Metabolic Stability of New Mito-Protective Short-Chain Naphthoquinones
1
Australian Centre for Research on Separation Sciences (ACROSS), School of Natural Sciences-Chemistry, College of Science and Engineering, University of Tasmania, Hobart, TAS 7005, Australia
2
School of Natural Sciences-Chemistry, College of Science and Engineering, University of Tasmania, Hobart, TAS 7005, Australia
3
Division of Pharmacy, School of Medicine, College of Health and Medicine, University of Tasmania, Hobart, TAS 7005, Australia
*
Author to whom correspondence should be addressed.
Pharmaceuticals 2020, 13(2), 29; https://doi.org/10.3390/ph13020029
Received: 4 December 2019 / Revised: 30 December 2019 / Accepted: 8 February 2020 / Published: 12 February 2020
(This article belongs to the Section Pharmacology)

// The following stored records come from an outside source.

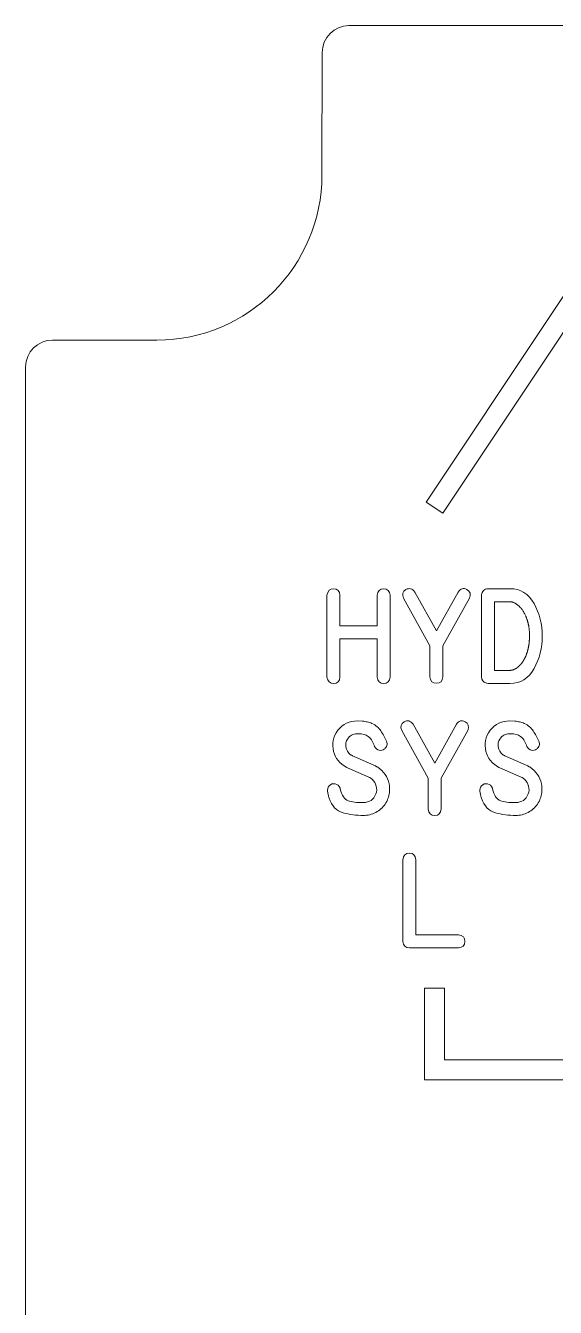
# Model space of a CAD drawing. Header units: millimetres. Extents: x -166 to 342, y -77 to 132.
# Drawn here: x 69.57 to 89.33, y 84.52 to 132.26 of the extents above; entities that cross this region are included whole.
import ezdxf

# ---------------------------------------------------------------- set-up
doc = ezdxf.new("R2010")
doc.units = ezdxf.units.MM
doc.header["$MEASUREMENT"] = 0
doc.layers.add('Engrave', color=7, linetype='Continuous')
doc.layers.add('Front', color=7, linetype='Continuous')

msp = doc.modelspace()

# ---------------------------------------------------------------- linework, layer by layer
at = {"layer": 'Engrave', "color": 114, "lineweight": 9}
for points, knots in [([(113.8184, 127.4256), (113.8184, 127.4256), (94.0148, 127.4256), (94.0148, 127.4256), (94.0148, 127.4256), (94.0148, 127.4256), (85.1305, 114.0986), (85.1305, 114.0986), (85.1305, 114.0986), (85.1305, 114.0986), (84.5064, 114.5148), (84.5064, 114.5148), (84.5064, 114.5148), (84.5064, 114.5148), (93.5024, 128.0086), (93.5024, 128.0086), (93.5024, 128.0086), (93.5024, 128.0086), (93.6135, 128.1755), (93.6135, 128.1755), (93.6135, 128.1755), (93.6135, 128.1755), (93.8143, 128.1755), (93.8143, 128.1755), (93.8143, 128.1755), (93.8143, 128.1755), (113.8184, 128.1755), (113.8184, 128.1755), (113.8184, 128.1755), (113.8184, 128.1755), (113.8184, 127.4256), (113.8184, 127.4256)], [0, 0, 0, 0, 0.1111111, 0.1111111, 0.1111111, 0.1111111, 0.2222222, 0.2222222, 0.2222222, 0.2222222, 0.3333333, 0.3333333, 0.3333333, 0.3333333, 0.4444444, 0.4444444, 0.4444444, 0.4444444, 0.5555556, 0.5555556, 0.5555556, 0.5555556, 0.6666667, 0.6666667, 0.6666667, 0.6666667, 0.7777778, 0.7777778, 0.7777778, 0.7777778, 1, 1, 1, 1]), ([(80.8042, 108.0009), (80.8042, 108.0009), (80.8042, 111.0465), (80.8042, 111.0465), (80.8042, 111.0465), (80.8283, 111.2117), (80.9124, 111.2929), (81.0558, 111.2905), (81.0558, 111.2905), (81.1993, 111.2876), (81.2775, 111.2058), (81.2898, 111.0465), (81.2898, 111.0465), (81.2898, 111.0465), (81.2898, 109.9077), (81.2898, 109.9077), (81.2898, 109.9077), (81.2898, 109.9077), (82.6768, 109.9077), (82.6768, 109.9077), (82.6768, 109.9077), (82.6768, 109.9077), (82.6768, 111.0465), (82.6768, 111.0465), (82.6768, 111.0465), (82.7009, 111.2082), (82.7821, 111.2899), (82.9202, 111.2905), (82.9202, 111.2905), (83.0584, 111.2911), (83.1407, 111.2094), (83.166, 111.0465), (83.166, 111.0465), (83.166, 111.0465), (83.166, 108.0009), (83.166, 108.0009), (83.166, 108.0009), (83.1407, 107.8392), (83.0584, 107.7587), (82.9202, 107.7593), (82.9202, 107.7593), (82.7821, 107.7599), (82.7009, 107.8404), (82.6768, 108.0009), (82.6768, 108.0009), (82.6768, 108.0009), (82.6768, 109.4185), (82.6768, 109.4185), (82.6768, 109.4185), (82.6768, 109.4185), (81.2898, 109.4185), (81.2898, 109.4185), (81.2898, 109.4185), (81.2898, 109.4185), (81.2898, 108.0009), (81.2898, 108.0009), (81.2898, 108.0009), (81.2775, 107.8428), (81.1993, 107.7622), (81.0558, 107.7599), (81.0558, 107.7599), (80.9124, 107.7575), (80.8283, 107.8381), (80.8042, 108.0009)], [0, 0, 0, 0, 0.0588235, 0.0588235, 0.0588235, 0.0588235, 0.1176471, 0.1176471, 0.1176471, 0.1176471, 0.1764706, 0.1764706, 0.1764706, 0.1764706, 0.2352941, 0.2352941, 0.2352941, 0.2352941, 0.2941176, 0.2941176, 0.2941176, 0.2941176, 0.3529412, 0.3529412, 0.3529412, 0.3529412, 0.4117647, 0.4117647, 0.4117647, 0.4117647, 0.4705882, 0.4705882, 0.4705882, 0.4705882, 0.5294118, 0.5294118, 0.5294118, 0.5294118, 0.5882353, 0.5882353, 0.5882353, 0.5882353, 0.6470588, 0.6470588, 0.6470588, 0.6470588, 0.7058824, 0.7058824, 0.7058824, 0.7058824, 0.7647059, 0.7647059, 0.7647059, 0.7647059, 0.8235294, 0.8235294, 0.8235294, 0.8235294, 0.8823529, 0.8823529, 0.8823529, 0.8823529, 1, 1, 1, 1]), ([(85.6977, 111.1653), (85.7871, 111.2999), (85.8953, 111.3317), (86.0223, 111.2617), (86.0223, 111.2617), (86.1493, 111.1917), (86.1816, 111.0824), (86.1199, 110.933), (86.1199, 110.933), (86.1199, 110.933), (85.1292, 109.1639), (85.1292, 109.1639), (85.1292, 109.1639), (85.1292, 109.1639), (85.1292, 108.0115), (85.1292, 108.0115), (85.1292, 108.0115), (85.1186, 107.8487), (85.0386, 107.7669), (84.8887, 107.7669), (84.8887, 107.7669), (84.7388, 107.7669), (84.6588, 107.8487), (84.6488, 108.0115), (84.6488, 108.0115), (84.6488, 108.0115), (84.6488, 109.1639), (84.6488, 109.1639), (84.6488, 109.1639), (84.6488, 109.1639), (83.6599, 110.933), (83.6599, 110.933), (83.6599, 110.933), (83.5987, 111.0812), (83.6299, 111.19), (83.7528, 111.2594), (83.7528, 111.2594), (83.8756, 111.3287), (83.9856, 111.2976), (84.082, 111.1653), (84.082, 111.1653), (84.082, 111.1653), (84.8899, 109.7219), (84.8899, 109.7219), (84.8899, 109.7219), (84.8899, 109.7219), (85.6977, 111.1653), (85.6977, 111.1653)], [0, 0, 0, 0, 0.0769231, 0.0769231, 0.0769231, 0.0769231, 0.1538462, 0.1538462, 0.1538462, 0.1538462, 0.2307692, 0.2307692, 0.2307692, 0.2307692, 0.3076923, 0.3076923, 0.3076923, 0.3076923, 0.3846154, 0.3846154, 0.3846154, 0.3846154, 0.4615385, 0.4615385, 0.4615385, 0.4615385, 0.5384615, 0.5384615, 0.5384615, 0.5384615, 0.6153846, 0.6153846, 0.6153846, 0.6153846, 0.6923077, 0.6923077, 0.6923077, 0.6923077, 0.7692308, 0.7692308, 0.7692308, 0.7692308, 0.8461538, 0.8461538, 0.8461538, 0.8461538, 1, 1, 1, 1]), ([(86.8137, 111.2911), (86.8137, 111.2911), (87.625, 111.2911), (87.625, 111.2911), (87.625, 111.2911), (88.0284, 111.2911), (88.33, 111.1077), (88.5311, 110.7402), (88.5311, 110.7402), (88.7321, 110.3727), (88.8327, 109.9682), (88.8327, 109.5272), (88.8327, 109.5272), (88.8327, 109.0863), (88.7316, 108.6824), (88.5305, 108.3149), (88.5305, 108.3149), (88.3288, 107.9474), (88.0272, 107.7634), (87.625, 107.7634), (87.625, 107.7634), (87.625, 107.7634), (86.8137, 107.7634), (86.8137, 107.7634), (86.8137, 107.7634), (86.8137, 107.7634), (86.8172, 107.7634), (86.8172, 107.7634), (86.8172, 107.7634), (86.8172, 107.7634), (86.8137, 107.7634), (86.8137, 107.7634), (86.8137, 107.7634), (86.776, 107.7693), (86.7555, 107.7728), (86.7519, 107.774), (86.7519, 107.774), (86.6326, 107.8022), (86.5732, 107.8804), (86.5744, 108.008), (86.5744, 108.008), (86.5744, 108.008), (86.5726, 108.008), (86.5726, 108.008), (86.5726, 108.008), (86.5726, 108.008), (86.5744, 111.05), (86.5744, 111.05), (86.5744, 111.05), (86.5732, 111.0536), (86.5726, 111.0583), (86.5726, 111.0636), (86.5726, 111.0636), (86.5761, 111.1271), (86.6008, 111.1806), (86.6473, 111.2247), (86.6473, 111.2247), (86.6943, 111.2688), (86.7502, 111.2911), (86.8154, 111.2911), (86.8154, 111.2911), (86.8154, 111.2911), (86.8137, 111.2911), (86.8137, 111.2911)], [0, 0, 0, 0, 0.0588235, 0.0588235, 0.0588235, 0.0588235, 0.1176471, 0.1176471, 0.1176471, 0.1176471, 0.1764706, 0.1764706, 0.1764706, 0.1764706, 0.2352941, 0.2352941, 0.2352941, 0.2352941, 0.2941176, 0.2941176, 0.2941176, 0.2941176, 0.3529412, 0.3529412, 0.3529412, 0.3529412, 0.4117647, 0.4117647, 0.4117647, 0.4117647, 0.4705882, 0.4705882, 0.4705882, 0.4705882, 0.5294118, 0.5294118, 0.5294118, 0.5294118, 0.5882353, 0.5882353, 0.5882353, 0.5882353, 0.6470588, 0.6470588, 0.6470588, 0.6470588, 0.7058824, 0.7058824, 0.7058824, 0.7058824, 0.7647059, 0.7647059, 0.7647059, 0.7647059, 0.8235294, 0.8235294, 0.8235294, 0.8235294, 0.8823529, 0.8823529, 0.8823529, 0.8823529, 1, 1, 1, 1]), ([(87.625, 108.249), (87.6274, 108.249), (87.6297, 108.249), (87.6321, 108.249), (87.6321, 108.249), (87.6344, 108.249), (87.6374, 108.249), (87.6403, 108.249), (87.6403, 108.249), (87.6427, 108.249), (87.645, 108.2496), (87.6468, 108.2502), (87.6468, 108.2502), (87.6485, 108.2508), (87.6509, 108.2508), (87.6544, 108.2508), (87.6544, 108.2508), (87.6568, 108.2508), (87.6591, 108.2514), (87.6621, 108.252), (87.6621, 108.252), (87.665, 108.2526), (87.668, 108.2526), (87.6715, 108.2526), (87.6715, 108.2526), (87.6738, 108.2526), (87.6762, 108.2532), (87.6785, 108.2532), (87.6785, 108.2532), (87.6809, 108.2538), (87.6838, 108.2543), (87.6874, 108.2543), (87.6874, 108.2543), (87.6891, 108.2543), (87.6915, 108.2543), (87.6938, 108.2549), (87.6938, 108.2549), (87.6962, 108.2555), (87.6991, 108.2561), (87.7026, 108.2561), (87.7026, 108.2561), (87.7073, 108.2585), (87.712, 108.2596), (87.7162, 108.2596), (87.7162, 108.2596), (87.7185, 108.2596), (87.7209, 108.2602), (87.7232, 108.262), (87.7232, 108.262), (87.7256, 108.2637), (87.7285, 108.2655), (87.732, 108.2661), (87.732, 108.2661), (87.7344, 108.2661), (87.7367, 108.2667), (87.7397, 108.2673), (87.7397, 108.2673), (87.7426, 108.2679), (87.7456, 108.2684), (87.7491, 108.2696), (87.7491, 108.2696), (87.7514, 108.2696), (87.7538, 108.2702), (87.7561, 108.2714), (87.7561, 108.2714), (87.7585, 108.2726), (87.7608, 108.2737), (87.7644, 108.2749), (87.7644, 108.2749), (87.7714, 108.2773), (87.7767, 108.2796), (87.7802, 108.282), (87.7802, 108.282), (87.8008, 108.289), (87.8067, 108.2908), (87.7973, 108.289), (87.7973, 108.289), (87.7997, 108.289), (87.802, 108.2896), (87.8044, 108.2914), (87.8044, 108.2914), (87.8067, 108.2931), (87.8096, 108.2943), (87.8126, 108.2955), (87.8126, 108.2955), (87.8232, 108.3026), (87.8279, 108.3055), (87.8267, 108.3043), (87.8267, 108.3043), (87.8379, 108.3102), (87.8437, 108.3131), (87.8437, 108.3131), (87.8437, 108.3131), (87.8461, 108.3143), (87.8485, 108.3155), (87.8508, 108.3172), (87.8508, 108.3172), (87.8532, 108.319), (87.8561, 108.3208), (87.8596, 108.3231), (87.8596, 108.3231), (87.8696, 108.3302), (87.8749, 108.3337), (87.8749, 108.3337), (87.8749, 108.3337), (87.8773, 108.3349), (87.8796, 108.3361), (87.8826, 108.3378), (87.8826, 108.3378), (87.8855, 108.3396), (87.8884, 108.3414), (87.892, 108.3437), (87.892, 108.3437), (87.8943, 108.3449), (87.8967, 108.3466), (87.899, 108.349), (87.899, 108.349), (87.9014, 108.3513), (87.9043, 108.3537), (87.9078, 108.3561), (87.9078, 108.3561), (87.9096, 108.3572), (87.912, 108.3584), (87.9143, 108.3602), (87.9143, 108.3602), (87.9167, 108.3619), (87.9196, 108.3643), (87.9231, 108.366), (87.9231, 108.366), (87.9255, 108.3684), (87.9314, 108.3731), (87.9402, 108.3802), (87.9402, 108.3802), (87.9496, 108.3896), (87.9543, 108.3937), (87.9543, 108.3937), (87.9543, 108.3937), (87.9566, 108.396), (87.9584, 108.3984), (87.9607, 108.4007), (87.9607, 108.4007), (87.9631, 108.4031), (87.966, 108.406), (87.9696, 108.4096), (87.9696, 108.4096), (87.9719, 108.4119), (87.9743, 108.4137), (87.9766, 108.416), (87.9766, 108.416), (87.979, 108.4184), (87.9813, 108.4213), (87.9849, 108.4248), (87.9849, 108.4248), (87.9884, 108.4272), (87.9937, 108.4319), (88.0007, 108.4384), (88.0007, 108.4384), (88.0031, 108.4407), (88.0054, 108.4431), (88.0072, 108.4454), (88.0072, 108.4454), (88.0095, 108.4478), (88.0125, 108.4507), (88.016, 108.4542), (88.016, 108.4542), (88.0184, 108.4566), (88.0207, 108.4589), (88.0231, 108.4619), (88.0231, 108.4619), (88.0254, 108.4648), (88.0284, 108.4678), (88.0313, 108.4713), (88.0313, 108.4713), (88.0454, 108.4895), (88.0501, 108.4954), (88.0454, 108.4883), (88.0454, 108.4883), (88.0536, 108.4966), (88.0583, 108.503), (88.0607, 108.5077), (88.0607, 108.5077), (88.0713, 108.5213), (88.076, 108.5277), (88.0748, 108.5266), (88.0748, 108.5266), (88.0772, 108.5301), (88.0795, 108.533), (88.0813, 108.536), (88.0813, 108.536), (88.0836, 108.5389), (88.0866, 108.5418), (88.0901, 108.5454), (88.0901, 108.5454), (88.0925, 108.5489), (88.0942, 108.5524), (88.096, 108.556), (88.096, 108.556), (88.0977, 108.5595), (88.1007, 108.5624), (88.1036, 108.566), (88.1036, 108.566), (88.1048, 108.5695), (88.1071, 108.573), (88.1101, 108.5771), (88.1101, 108.5771), (88.113, 108.5812), (88.1154, 108.5848), (88.1177, 108.5883), (88.1177, 108.5883), (88.1248, 108.5977), (88.1289, 108.6048), (88.1313, 108.6095), (88.1313, 108.6095), (88.1336, 108.6124), (88.136, 108.6165), (88.1377, 108.6206), (88.1377, 108.6206), (88.1395, 108.6242), (88.1418, 108.6283), (88.1454, 108.6318), (88.1454, 108.6318), (88.1477, 108.6347), (88.1495, 108.6389), (88.1512, 108.643), (88.1512, 108.643), (88.153, 108.6465), (88.1554, 108.6506), (88.1589, 108.6541), (88.1589, 108.6541), (88.1612, 108.6594), (88.1648, 108.6671), (88.1695, 108.6765), (88.1695, 108.6765), (88.1718, 108.68), (88.1736, 108.6835), (88.1754, 108.6882), (88.1754, 108.6882), (88.1771, 108.6929), (88.1795, 108.6977), (88.183, 108.7024), (88.183, 108.7024), (88.1853, 108.7059), (88.1877, 108.7094), (88.1895, 108.7135), (88.1895, 108.7135), (88.1906, 108.7176), (88.1936, 108.7218), (88.1971, 108.7265), (88.1971, 108.7265), (88.1983, 108.73), (88.1995, 108.7335), (88.2012, 108.7382), (88.2012, 108.7382), (88.203, 108.7429), (88.2047, 108.7476), (88.2071, 108.7523), (88.2071, 108.7523), (88.2106, 108.7576), (88.2147, 108.7664), (88.2194, 108.7782), (88.2194, 108.7782), (88.2306, 108.8064), (88.2347, 108.8158), (88.2312, 108.8052), (88.2312, 108.8052), (88.2324, 108.8088), (88.2341, 108.8135), (88.2359, 108.8182), (88.2359, 108.8182), (88.2377, 108.8235), (88.2394, 108.8288), (88.2418, 108.8329), (88.2418, 108.8329), (88.243, 108.8376), (88.2441, 108.8423), (88.2459, 108.847), (88.2459, 108.847), (88.2477, 108.8517), (88.25, 108.8564), (88.2518, 108.8623), (88.2518, 108.8623), (88.2553, 108.8729), (88.2583, 108.8817), (88.2606, 108.8899), (88.2606, 108.8899), (88.2618, 108.8946), (88.263, 108.8993), (88.2647, 108.904), (88.2647, 108.904), (88.2665, 108.9081), (88.2688, 108.9134), (88.2712, 108.9193), (88.2712, 108.9193), (88.2665, 108.9076), (88.2694, 108.9175), (88.2794, 108.9487), (88.2794, 108.9487), (88.2818, 108.954), (88.2853, 108.964), (88.29, 108.9775), (88.29, 108.9775), (88.29, 108.9822), (88.2906, 108.9875), (88.2924, 108.9922), (88.2924, 108.9922), (88.2941, 108.9975), (88.2959, 109.0028), (88.2971, 109.0087), (88.2971, 109.0087), (88.2982, 109.0134), (88.2994, 109.0181), (88.3006, 109.0234), (88.3006, 109.0234), (88.3012, 109.0287), (88.3029, 109.034), (88.3053, 109.0398), (88.3053, 109.0398), (88.3053, 109.0434), (88.3065, 109.0475), (88.3082, 109.0528), (88.3082, 109.0528), (88.31, 109.0581), (88.3112, 109.0634), (88.3123, 109.0692), (88.3123, 109.0692), (88.3135, 109.0769), (88.3153, 109.0881), (88.3176, 109.1016), (88.3176, 109.1016), (88.3176, 109.1063), (88.3182, 109.111), (88.32, 109.1163), (88.32, 109.1163), (88.3218, 109.1216), (88.3235, 109.1269), (88.3241, 109.1327), (88.3241, 109.1327), (88.3241, 109.1374), (88.3247, 109.1421), (88.3259, 109.1474), (88.3259, 109.1474), (88.327, 109.1527), (88.3282, 109.158), (88.3294, 109.1639), (88.3294, 109.1639), (88.3306, 109.1721), (88.3323, 109.1827), (88.3347, 109.1968), (88.3347, 109.1968), (88.3347, 109.2009), (88.3359, 109.2062), (88.3376, 109.2121), (88.3376, 109.2121), (88.3388, 109.218), (88.3406, 109.2233), (88.3417, 109.2292), (88.3417, 109.2292), (88.3417, 109.2374), (88.3429, 109.248), (88.3453, 109.2621), (88.3453, 109.2621), (88.3453, 109.2668), (88.3453, 109.2715), (88.3459, 109.2768), (88.3459, 109.2768), (88.3464, 109.2821), (88.3476, 109.288), (88.3488, 109.2944), (88.3488, 109.2944), (88.3506, 109.3085), (88.3517, 109.3191), (88.3517, 109.3273), (88.3517, 109.3273), (88.3529, 109.3356), (88.3535, 109.3462), (88.3535, 109.3603), (88.3535, 109.3603), (88.3547, 109.3685), (88.3553, 109.3797), (88.3553, 109.3944), (88.3553, 109.3944), (88.3564, 109.4026), (88.357, 109.4138), (88.357, 109.4273), (88.357, 109.4273), (88.357, 109.4332), (88.3576, 109.4385), (88.3582, 109.4438), (88.3582, 109.4438), (88.3588, 109.4491), (88.3594, 109.4549), (88.3606, 109.462), (88.3606, 109.462), (88.3606, 109.4667), (88.3611, 109.4714), (88.3617, 109.4767), (88.3617, 109.4767), (88.3617, 109.4814), (88.3623, 109.4879), (88.3623, 109.4943), (88.3623, 109.4943), (88.3623, 109.499), (88.3623, 109.5043), (88.3623, 109.5102), (88.3623, 109.5102), (88.3623, 109.5155), (88.3623, 109.5214), (88.3623, 109.5272), (88.3623, 109.5272), (88.3623, 109.5331), (88.3623, 109.5384), (88.3623, 109.5437), (88.3623, 109.5437), (88.3623, 109.549), (88.3623, 109.5543), (88.3623, 109.5602), (88.3623, 109.5602), (88.3623, 109.5655), (88.3617, 109.5713), (88.3617, 109.576), (88.3617, 109.576), (88.3611, 109.5813), (88.3606, 109.5878), (88.3606, 109.5943), (88.3606, 109.5943), (88.3606, 109.599), (88.3606, 109.6043), (88.3606, 109.6102), (88.3606, 109.6102), (88.3606, 109.6154), (88.3606, 109.6213), (88.3606, 109.6272), (88.3606, 109.6272), (88.3606, 109.6343), (88.3594, 109.6454), (88.357, 109.6619), (88.357, 109.6619), (88.357, 109.6754), (88.3564, 109.686), (88.3553, 109.6925), (88.3553, 109.6925), (88.3553, 109.7007), (88.3541, 109.7125), (88.3517, 109.7289), (88.3517, 109.7289), (88.3517, 109.7424), (88.3511, 109.753), (88.35, 109.7601), (88.35, 109.7601), (88.35, 109.7677), (88.3494, 109.7789), (88.347, 109.7924), (88.347, 109.7924), (88.3459, 109.7971), (88.3447, 109.8024), (88.3441, 109.8083), (88.3441, 109.8083), (88.3435, 109.8136), (88.3435, 109.8195), (88.3435, 109.8253), (88.3435, 109.8253), (88.3412, 109.8389), (88.3388, 109.85), (88.3364, 109.8583), (88.3364, 109.8583), (88.3353, 109.8624), (88.3341, 109.8677), (88.3329, 109.8724), (88.3329, 109.8724), (88.3317, 109.8777), (88.3312, 109.883), (88.3312, 109.8888), (88.3312, 109.8888), (88.33, 109.8971), (88.3282, 109.9077), (88.3259, 109.9218), (88.3259, 109.9218), (88.3247, 109.93), (88.3235, 109.9406), (88.3212, 109.9547), (88.3212, 109.9547), (88.3165, 109.9682), (88.3135, 109.9788), (88.3123, 109.9853), (88.3123, 109.9853), (88.31, 109.9994), (88.3082, 110.0088), (88.3071, 110.0147), (88.3071, 110.0147), (88.3047, 110.0194), (88.3029, 110.0241), (88.3018, 110.0294), (88.3018, 110.0294), (88.3006, 110.0347), (88.3, 110.0399), (88.2988, 110.0458), (88.2988, 110.0458), (88.2976, 110.0505), (88.2959, 110.0552), (88.2935, 110.0605), (88.2935, 110.0605), (88.2912, 110.0658), (88.29, 110.0711), (88.29, 110.077), (88.29, 110.077), (88.2794, 110.1076), (88.2765, 110.1176), (88.2812, 110.1058), (88.2812, 110.1058), (88.2788, 110.114), (88.2765, 110.124), (88.273, 110.1352), (88.273, 110.1352), (88.2706, 110.1387), (88.2682, 110.1428), (88.2665, 110.1481), (88.2665, 110.1481), (88.2647, 110.1534), (88.2635, 110.1581), (88.2624, 110.1628), (88.2624, 110.1628), (88.2612, 110.1664), (88.2577, 110.1763), (88.2518, 110.1922), (88.2518, 110.1922), (88.2477, 110.2034), (88.2441, 110.2128), (88.2418, 110.2199), (88.2418, 110.2199), (88.2394, 110.2234), (88.2377, 110.2275), (88.2359, 110.2328), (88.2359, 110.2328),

Short-chain quinones (SCQs) have been identified as potential drug candidates against mitochondrial dysfunction, which is largely dependent on their reversible redox characteristics of the active quinone core. We recently synthesized a SCQ library of > 148 naphthoquinone derivatives and identified 16 compounds with enhanced cytoprotection compared to the clinically used benzoquinone idebenone. One of the major drawbacks of idebenone is its high metabolic conversion in the liver, which significantly restricts its therapeutic activity. Therefore, this study assessed the metabolic stability of the 16 identified naphthoquinone derivatives 1–16 using hepatocarcinoma cells in combination with an optimized reverse-phase liquid chromatography (RP-LC) method. Most of the derivatives showed significantly better stability than idebenone over 6 hours (p < 0.001). By extending the side-chain of SCQs, increased stability for some compounds was observed. Metabolic conversion from the derivative 3 to 5 and reduced idebenone metabolism in the presence of 5 were also observed. These results highlight the therapeutic potential of naphthoquinone-based SCQs and provide essential insights for future drug design, prodrug therapy and polytherapy, respectively.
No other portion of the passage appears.